Copy each line from the records below in which the word "zeff" is found.

'''

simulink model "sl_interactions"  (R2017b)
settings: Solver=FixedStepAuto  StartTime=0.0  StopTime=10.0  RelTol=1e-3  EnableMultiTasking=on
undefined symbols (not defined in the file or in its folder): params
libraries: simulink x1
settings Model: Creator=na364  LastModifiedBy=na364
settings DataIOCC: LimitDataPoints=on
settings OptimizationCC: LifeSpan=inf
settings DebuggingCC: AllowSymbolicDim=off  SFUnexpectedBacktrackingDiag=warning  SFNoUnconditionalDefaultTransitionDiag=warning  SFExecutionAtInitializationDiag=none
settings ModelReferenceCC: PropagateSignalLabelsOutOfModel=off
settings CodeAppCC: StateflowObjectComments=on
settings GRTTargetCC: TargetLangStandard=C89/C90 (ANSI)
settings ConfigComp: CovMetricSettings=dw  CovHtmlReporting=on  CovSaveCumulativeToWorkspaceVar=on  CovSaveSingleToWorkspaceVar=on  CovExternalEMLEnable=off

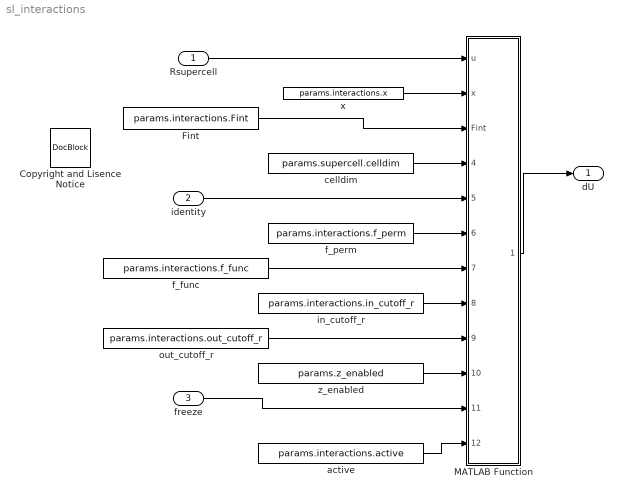
== system sl_interactions ==
  Rsupercell : Inport  PortDimensions=[params.model_dim,params.Nprtcl]
  identity : Inport  Port=2  PortDimensions=[1,params.Nprtcl]
  freeze : Inport  Port=3  PortDimensions=[1,params.Nprtcl]
  Copyright and Lisence Notice : simulink/Model-Wide Utilities/DocBlock  DocumentType=Text
      content=|
      | % Copyright (c) 2018, Nadav Avidor.
      | % All rights reserved.
      | % This file is part of the PIGLE - Particles Interacting in Generalized Langevin Equation simulator, subject to the
      | % GNU/GPL-3.0-or-later.
  Fint : Constant  Value=params.interactions.Fint
  MATLAB Function : MATLAB Function  TreatAsAtomicUnit=on
  active : Constant  Value=params.interactions.active
  celldim : Constant  Value=params.supercell.celldim
  f_func : Constant  Value=params.interactions.f_func
  f_perm : Constant  Value=params.interactions.f_perm
  in_cutoff_r : Constant  Value=params.interactions.in_cutoff_r
  out_cutoff_r : Constant  Value=params.interactions.out_cutoff_r
  x : Constant  Value=params.interactions.x
  z_enabled : Constant  Value=params.z_enabled
  dU : Outport  PortDimensions=[params.model_dim,params.Nprtcl]
  wires:
  Rsupercell/1 -> MATLAB Function/1(u)
  celldim/1 -> MATLAB Function/4(celldim)
  Fint/1 -> MATLAB Function/3(Fint)
  x/1 -> MATLAB Function/2(x)
  identity/1 -> MATLAB Function/5(identity)
  f_perm/1 -> MATLAB Function/6(f_perm)
  f_func/1 -> MATLAB Function/7(f_func)
  in_cutoff_r/1 -> MATLAB Function/8(in_cutoff_r)
  out_cutoff_r/1 -> MATLAB Function/9(out_cutoff_r)
  z_enabled/1 -> MATLAB Function/10(z_enabled)
  MATLAB Function/1(Force_int) -> dU/1
  freeze/1 -> MATLAB Function/11(freeze)
  active/1 -> MATLAB Function/12(active)

== matlab function sl_interactions/MATLAB Function ==
  data: u input; Force_int output; x input; Fint input; celldim input; identity input; f_perm input; f_func input; in_cutoff_r input; out_cutoff_r input; z_enabled input; freeze input; active input
function Force_int   = Fij(u,x,Fint,celldim,identity,f_perm, f_func,in_cutoff_r,out_cutoff_r,z_enabled,freeze,active)

      Force_int = zeros(size(u));
      a = celldim(1)/2;
      b = celldim(2)/2;
      
      if size(x,1) < size(x,2)
          x=x';
      end
      if size(Fint,1) < size(Fint,2)
          Fint1 = Fint';
      else
          Fint1 = Fint;
      end
      
      nop = size(u,2);
      
      
      if ( nop > 1 && active )
          
          r =zeros(nop); R = zeros(nop); sin_phi = zeros(nop); cos_phi = zeros(nop);
          sine = zeros(nop); cosine = zeros(nop); f_indx = zeros(nop);
                
        for i = 1:1:nop
            if freeze(i) == 1, continue; end
              for j = i+1:1:nop
                  
                  if freeze(j) == 1, continue; end

                  % Interaction out of the various permutations
                  % TODO: The 9 following lines could be replaced probably with:
                  % perm = sum(bsxfun(@eq,sort([identity(i) identity(j)]),f_perm),2)==2;
                  perm1 = sum(bsxfun(@eq,[identity(i) identity(j)],f_perm),2)==2;
                  perm2 = sum(bsxfun(@eq,[identity(j) identity(i)],f_perm),2)==2;
                  if any(perm1)
                      perm = perm1;
                  elseif any(perm2)
                      perm = perm2;
                  else
                      error('Fij function: No such perm')
                  end                                       
                  
                  % For the j,i pair, which force function is to be used?
                  f_indx(j,i) = 0;
                  for permInd=1:length(perm)
                      if perm(permInd) > 0, f_indx(j,i) = permInd; end
                  end
                  %if f_indx(j,i) == 0, error(['permutation in (j,i)=' num2str([j i]) ' not assigned']); end
                  
                  %% Work out the distance between the pair of particles
                  
                  % Cartezian components of the distance (x,y,z)
                  if(abs(u(1,i)-u(1,j))>(a))
                      xeff = u(1,i)- u(1,j) - 2*a *  (u(1,i)- u(1,j))/abs(u(1,i)- u(1,j));
                  else
                      xeff = u(1,i) - u(1,j);
                  end
                  if(abs(u(2,i)-u(2,j))>(b))
                      yeff = u(2,i)- u(2,j) - 2*b *  (u(2,i)- u(2,j))/abs(u(2,i)- u(2,j));
                  else
                      yeff = u(2,i) - u(2,j);
                  end
                  
                  if z_enabled > 0 && size(u,1) > 2
                      zeff = u(3,i) - u(3,j);
                  else
                      zeff = 0;
                  end
                  
                  % Projection on the surface
                  R(j,i) = sqrt(xeff.^2 + yeff.^2);
                  sine(j,i) = yeff/R(j,i);
                  cosine(j,i) = xeff/R(j,i);
                  
                  % Total distance, and projection prependicular to the surface
                  r(j,i) = sqrt(R(j,i).^2 + zeff.^2);
                  cos_phi(j,i) = zeff/r(j,i);
                  sin_phi(j,i) = R(j,i)/r(j,i);
                  
                  % Do not allow particles to be too close (mainly can
                  % happen during init stage)
                  if r(j,i) < in_cutoff_r
                      r(j,i) = in_cutoff_r;
                  end
                      
              end
        end
        
        % Here the force for each pair of particle is calculated.
        % A long explanation with an example:
        % Assuming we have two populations P1 and P2 of particles,
        % different forces will (potentialy) act. f_perm holds all
        % the posible permutations, and for two populations it needs
        % to be defined as f_perm=[1 1; 1 2; 2 2]. We then need to
        % define force function for each permutation, and we do that
        % with f_func. f_func will then hold the function number
        % (case in the file  f_interactions.m) for each permutation, lets say f_func=[1,2,1],
        % which says that there is a power series like function between
        % 1-1 and 2-2, but zero force between particles from different
        % populations (1-2). so f_func(3) defines the force function to be
        % used for pairs of particles corresponding to f_perm(3) which [2
        % 2], ie cases were both particles are from population 2.
        % Fint1 is a matrix of the decimated forces, where Fint1(x,k) is
        % the decimated force for the permutation k (calculated with the function defined in f_func).
        
        % f_indx is a 2D matrix for the pair of particles (i,j), which
        % defines the permutation of each pair. So f_indx(i,j) holds the
        % row number in Fint1, which holds the decimated force to be used
        % for (i,j).
        
        Fs = zeros(nop);
        % For the number of permutations defined
        % [ size(f_perm,1) could be used insteed  ]
        for i=1:length(f_func)
            % Interpulate the force for all pairs of atoms assuming they belong to the
            % i'th permitatuon, but multiply with zero all the results
            % for pairs belonging to different permutation. [Sum on all
            % permutations]
            Fs= Fs + (f_indx==i) .* interp1(x,Fint1(:,i),r,'linear',0);
        end
        
        F_parall = Fs.*sin_phi;
        Fz = Fs.*cos_phi; Fz = Fz - Fz';
        
        % The forces acts on both particles in each pair of atoms, and we
        % have only worked out by now one triange in each force matrix.
        Fx = F_parall.*cosine; Fx = Fx - Fx';
        Fy = F_parall.*sine; Fy = Fy - Fy';
        
        for i = 1:1:nop
            Force_int(1,i) = sum(Fx(i,:));
            Force_int(2,i) = sum(Fy(i,:));
            if size(Force_int,1) > 2
                Force_int(3,i) = sum(Fz(i,:));
            end
        end
      end
      
end

'''

→ RESULT FOR THIS TASK:
                      zeff = u(3,i) - u(3,j);
                      zeff = 0;
                  r(j,i) = sqrt(R(j,i).^2 + zeff.^2);
                  cos_phi(j,i) = zeff/r(j,i);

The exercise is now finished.